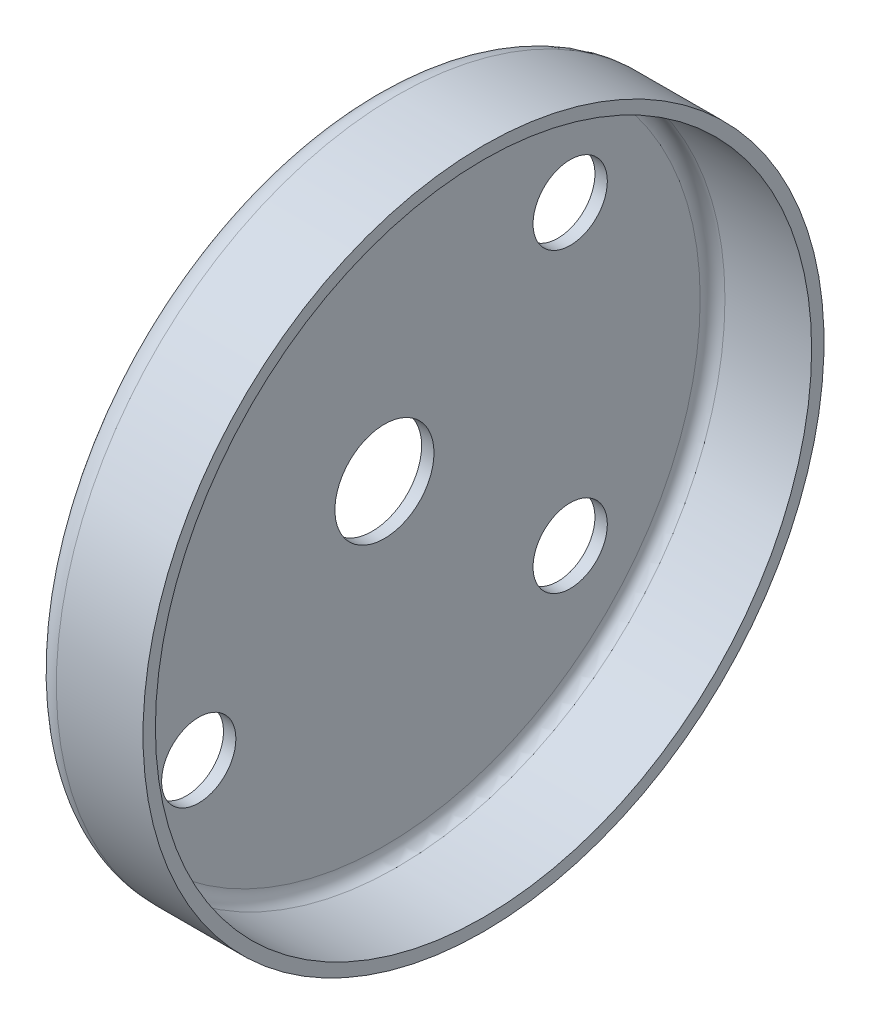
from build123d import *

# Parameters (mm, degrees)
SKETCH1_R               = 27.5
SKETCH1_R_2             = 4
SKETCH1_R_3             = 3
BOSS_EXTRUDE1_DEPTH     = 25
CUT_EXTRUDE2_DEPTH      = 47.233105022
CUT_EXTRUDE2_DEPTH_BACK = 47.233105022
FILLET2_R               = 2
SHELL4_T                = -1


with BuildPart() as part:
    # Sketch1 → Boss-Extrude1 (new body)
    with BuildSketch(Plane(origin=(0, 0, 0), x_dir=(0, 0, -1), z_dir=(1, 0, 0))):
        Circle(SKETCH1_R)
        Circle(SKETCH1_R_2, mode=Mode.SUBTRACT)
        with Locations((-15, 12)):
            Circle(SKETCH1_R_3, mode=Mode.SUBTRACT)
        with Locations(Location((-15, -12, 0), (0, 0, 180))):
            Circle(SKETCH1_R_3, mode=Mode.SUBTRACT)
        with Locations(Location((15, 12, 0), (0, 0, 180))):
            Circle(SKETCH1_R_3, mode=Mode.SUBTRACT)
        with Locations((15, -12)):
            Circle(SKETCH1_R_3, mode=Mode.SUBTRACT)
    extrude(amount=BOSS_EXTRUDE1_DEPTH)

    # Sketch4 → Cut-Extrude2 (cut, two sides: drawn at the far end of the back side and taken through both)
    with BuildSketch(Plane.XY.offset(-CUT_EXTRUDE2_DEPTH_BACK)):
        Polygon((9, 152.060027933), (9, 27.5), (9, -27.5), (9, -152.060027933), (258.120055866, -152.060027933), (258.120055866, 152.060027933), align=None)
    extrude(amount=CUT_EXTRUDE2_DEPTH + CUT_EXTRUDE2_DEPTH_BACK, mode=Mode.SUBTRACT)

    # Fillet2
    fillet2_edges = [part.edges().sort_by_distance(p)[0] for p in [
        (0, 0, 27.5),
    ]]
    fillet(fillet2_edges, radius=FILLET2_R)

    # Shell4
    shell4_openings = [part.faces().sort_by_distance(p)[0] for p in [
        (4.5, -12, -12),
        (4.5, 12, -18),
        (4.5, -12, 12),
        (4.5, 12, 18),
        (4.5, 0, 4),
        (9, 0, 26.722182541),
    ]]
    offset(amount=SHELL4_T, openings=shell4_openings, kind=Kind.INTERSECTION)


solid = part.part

# Work order
Check each line of the entries above for the string "Plane", and return those that contain it.

# Answer to this exercise
    with BuildSketch(Plane(origin=(0, 0, 0), x_dir=(0, 0, -1), z_dir=(1, 0, 0))):
    with BuildSketch(Plane.XY.offset(-CUT_EXTRUDE2_DEPTH_BACK)):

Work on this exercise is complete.